[Perldl] How to find out cause of out of memory

MARK BAKER mrbaker_mark at yahoo.com
Tue Feb 14 11:36:33 HST 2012


Hey Clifford 
I was talking with David about along the same lines that 

your problem involves here, and I would like to share something with you 
that I think might make its way into the PDL core in one way or another

I found a way to load 3 gigabytes of data in only 40 megabytes of ram 

like this ...
##################################################

{open(DATA, "large_file_path_here");}  
  {my @offset;}   
  {$offset[1] = tell DATA;}   
 {my $line_num = 2;}   
 {while (<DATA>) {  
 {$offset[$line_num++] = tell DATA;}  
   }}    
print "DONE please enter a line number";
    { while (my $entered = <STDIN>) {    
     {  seek DATA, $offset[$entered], 0;             
      $line = <DATA>;  
    print $line,"\n";                         
    }
     }} 

###################################################

try this out with a large file 

enter a line number and it will bring up that 

the information on that line very fast..

the trick here is to put your file data into decimal 

then to pack the file data like this 

##################################################

$data = pack "w*", $_;
#################################################
then just use unpack to view the numerical data 

what this does is instead of calling each line, is it calls 

by each paragraph of numerical data which will allow you 

to save a lot of RAM by calling in the information in chunks
instead of by line 


hope that helps 


-Mark 






________________________________
 From: Clifford Sobchuk <clifford.sobchuk at ericsson.com>
To: Chris Marshall <devel.chm.01 at gmail.com> 
Cc: "Perldl at jach.hawaii.edu" <perldl at jach.hawaii.edu> 
Sent: Tuesday, February 14, 2012 12:36 PM
Subject: Re: [Perldl] How to find out cause of out of memory
 
Thanks all. Pre-allocating isn't obvious (to me) as the file and hence data are highly variable with no easy way to determine the size. 
I do think that it is the conversion from perl array to pdl as I am guessing that the entire perl array would have to be loaded - which likely causes the out of memory. In the "Whirlwind Tour" book there was an example showing how to assign an image to a hash with the elements being pdls. 

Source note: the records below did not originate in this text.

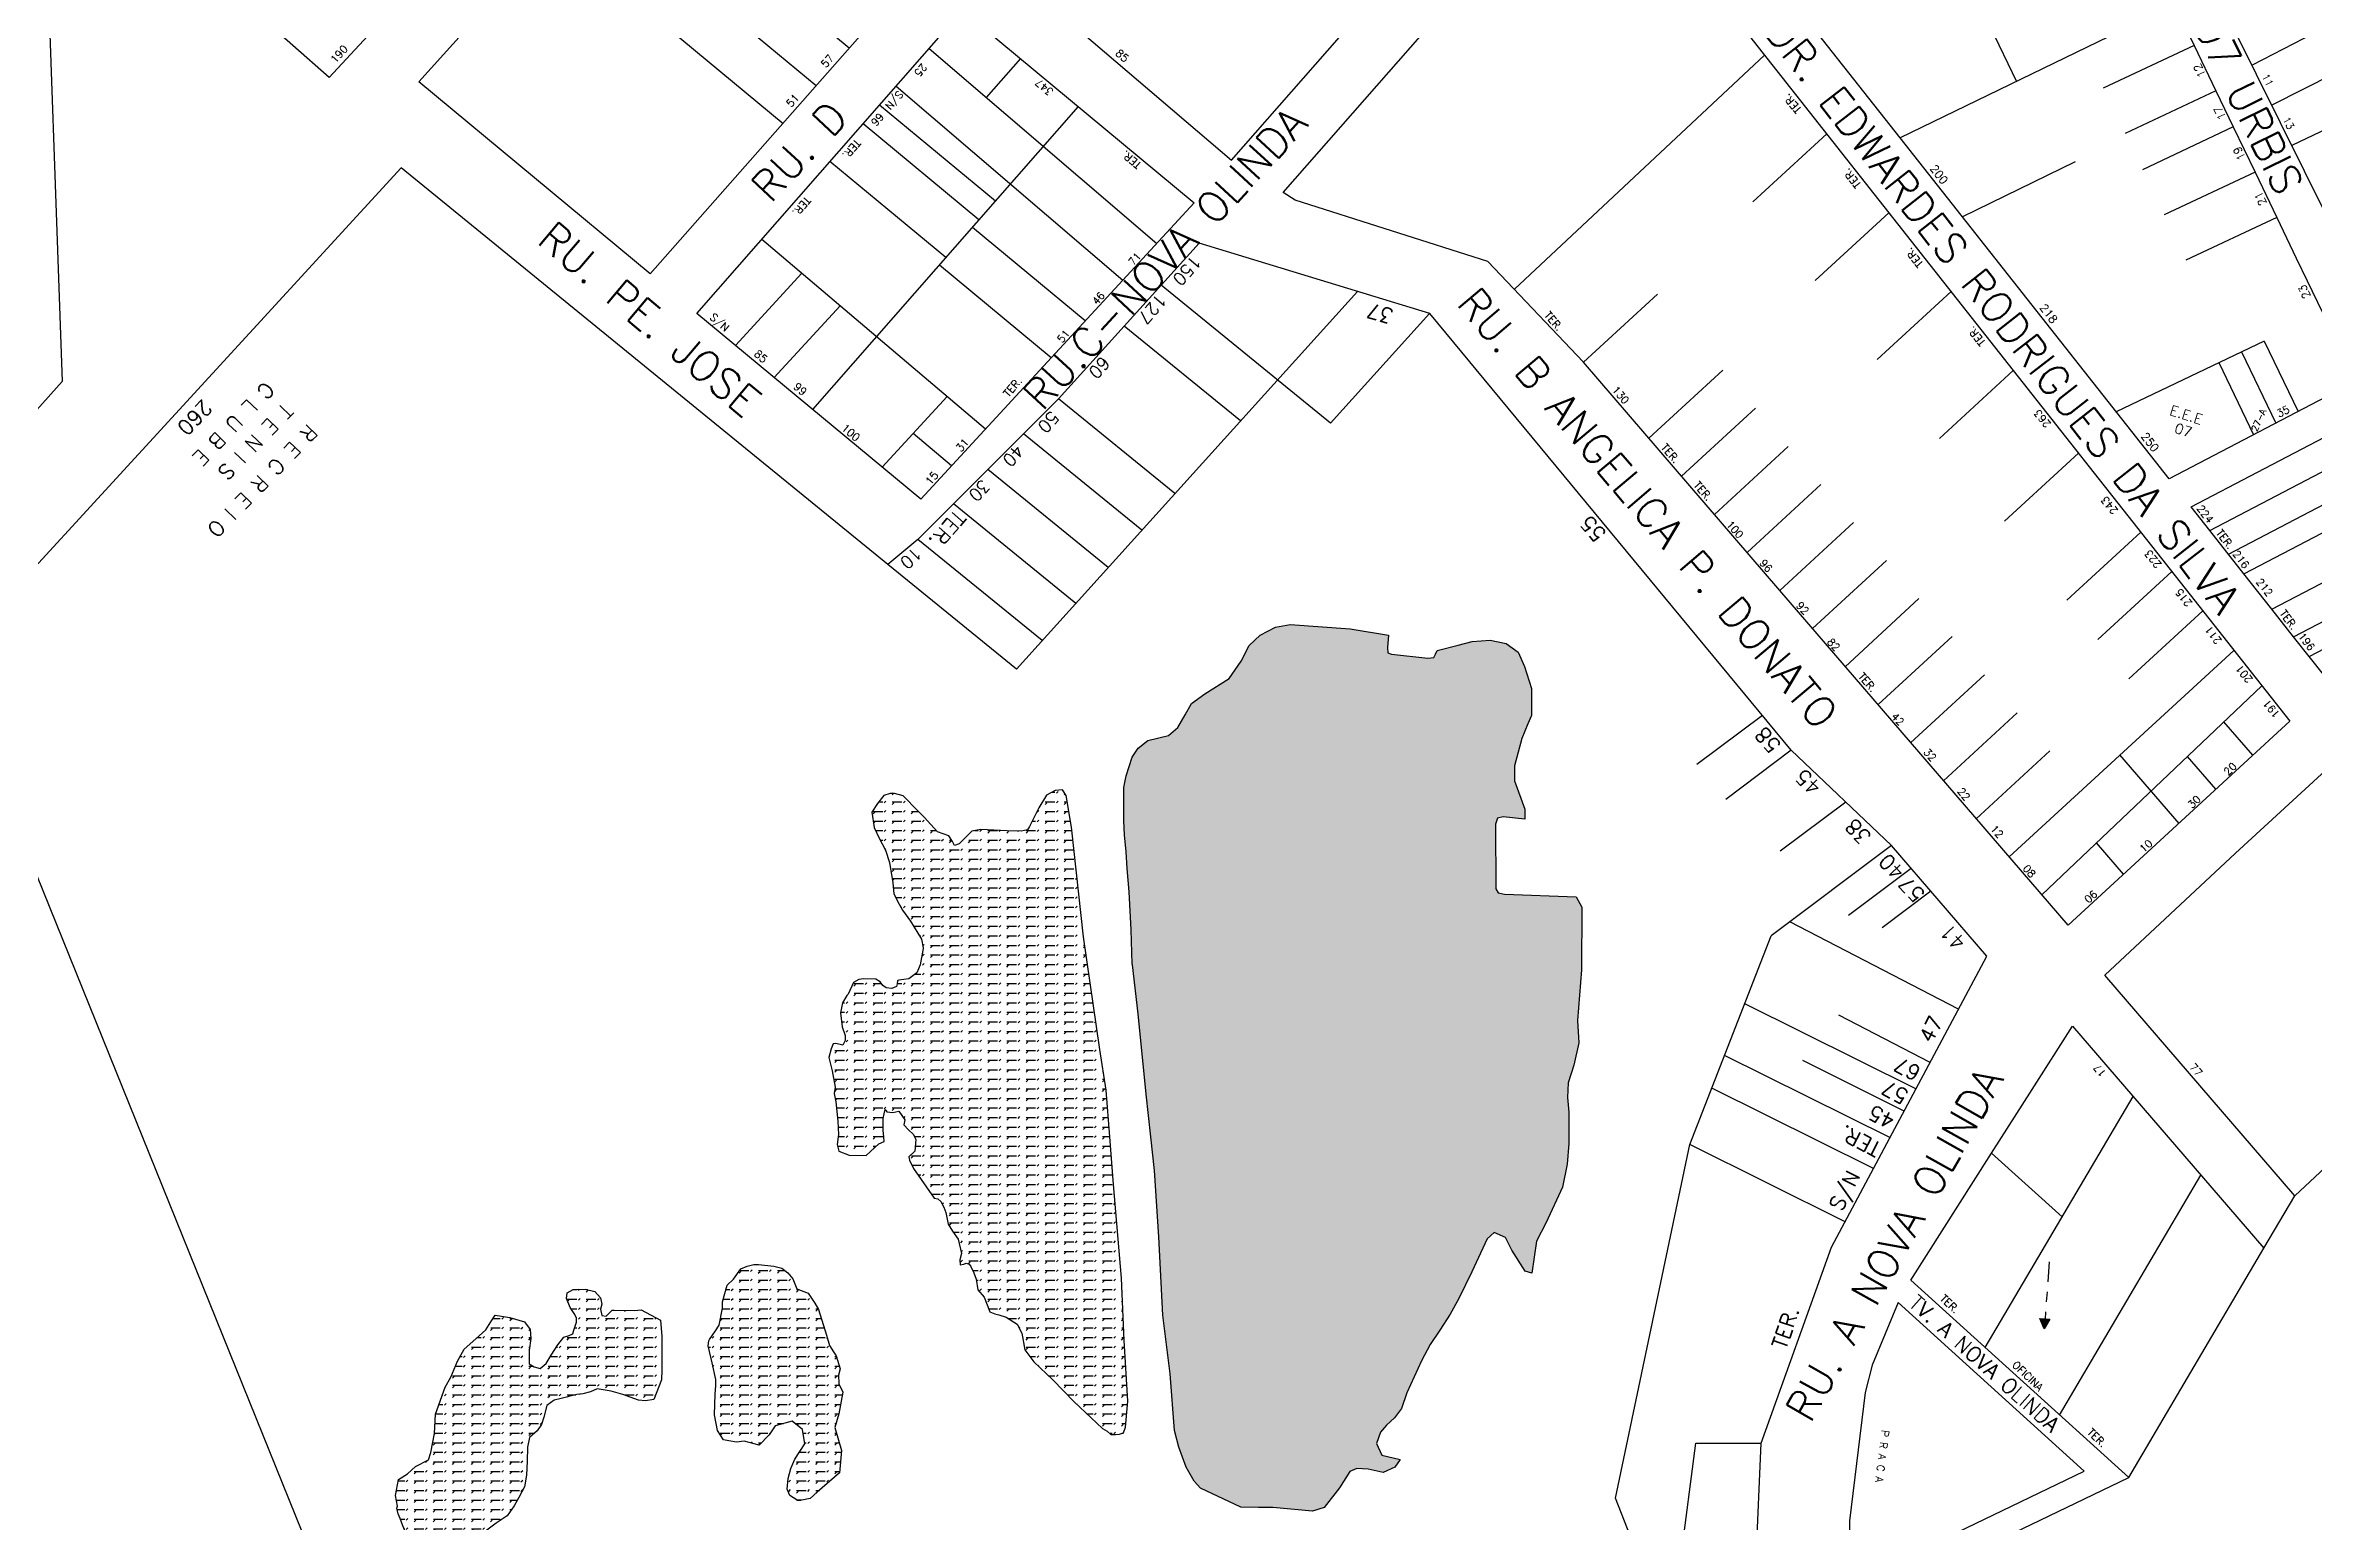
# Model space of a CAD drawing. Extents: x 714896 to 749292, y 8417558 to 8447149.
# Drawn here: x 737931.1 to 738383.3, y 8427923.2 to 8428217.4 of the extents above; entities that cross this region are included whole.
import ezdxf

# ---------------------------------------------------------------- set-up
doc = ezdxf.new("R2010")
doc.units = 0
doc.header["$MEASUREMENT"] = 0
for name, color, linetype in [('LOTE', 7, 'CONTINUOUS'), ('NUM-PORTA', 7, 'CONTINUOUS'), ('QUADRA', 6, 'CONTINUOUS'), ('REFERENCIA', 7, 'CONTINUOUS'), ('TEXTO', 7, 'CONTINUOUS'), ('TEXTODERUA', 3, 'CONTINUOUS')]:
    doc.layers.add(name, color=color, linetype=linetype)
doc.styles.add('ROMANS', font='ROMANS.SHX', dxfattribs={"height": 1.5})
pattern_1 = [(0, (0, 0), (0, 1.905), [1.905, -1.905]), (45, (1.905, 0), (1e-16, 1.90500082285), [0.47625, -1.741578, 0.47625, -2.694078])]

msp = doc.modelspace()

# ---------------------------------------------------------------- hatches: boundary and pattern name
at = {"layer": 'LOTE'}
msp.add_hatch(color=7, dxfattribs=at).paths.add_polyline_path([(738330.54, 8427963.69), (738328.55, 8427963.84), (738329.39, 8427961.77)])
at = {"layer": 'REFERENCIA'}
h = msp.add_hatch(dxfattribs=at)
h.set_pattern_fill('FLEX', color=4, scale=0.3, style=0)
h.set_pattern_definition(pattern_1)
h.paths.add_polyline_path([(738148.85, 8428024.47), (738150.48, 8428008.51), (738151.4, 8428000), (738152.13, 8427993.3), (738153.02, 8427980.05), (738153.79, 8427964.5), (738155.25, 8427952.77), (738156.11, 8427941.49), (738156.99, 8427938.21), (738158.41, 8427934.18), (738160, 8427931.39), (738161.29, 8427930), (738169.34, 8427926.21), (738172.85, 8427926.19), (738175.68, 8427926.19), (738183.58, 8427925.44), (738185.92, 8427926.16), (738189.02, 8427930.1), (738191.05, 8427933.31), (738192.43, 8427933.91), (738194.69, 8427933.79), (738197.71, 8427933.12), (738200.03, 8427934.21), (738201.05, 8427935.71), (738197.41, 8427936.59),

I am unsure how to do this with rgrep or rcols. I have tried:

open ($in, "<$ARGV[0]") or die "can't open ARGV[0] $!\n";
$fwdGain = rgrep {/\s\d\s+\d+\s+\d\d\d\s+\w+\s+(\d+)\s+\-\d+/} $in;
open ($in, "<$ARGV[0]") or die "can't open ARGV[0] $!\n";
%snr = rgrep {/\s\d\s+\d+\s+\d\d\d\s+(\w+)\s+\d+\s+(\-\d+)/} $in;

To import the data - but it doesn't work as the $1 is a word. I made a map for it as 
my %rate = { "Full"=>1, "Half"=>0.5, "Quarter"=>0.25, "Eighth"=>0.125 };

And tried to use:
$snr{$rate{$1}} = rgrep {/\s\d\s+\d+\s+\d\d\d\s+(\w+)\s+\d+\s+(\-\d+)/} $in;

But this doesn't work either as it seems that rgrep is looking for a numeric value.
Argument "Eighth" isn't numeric in multiplication (*) at C:\strawberry\perl\site\...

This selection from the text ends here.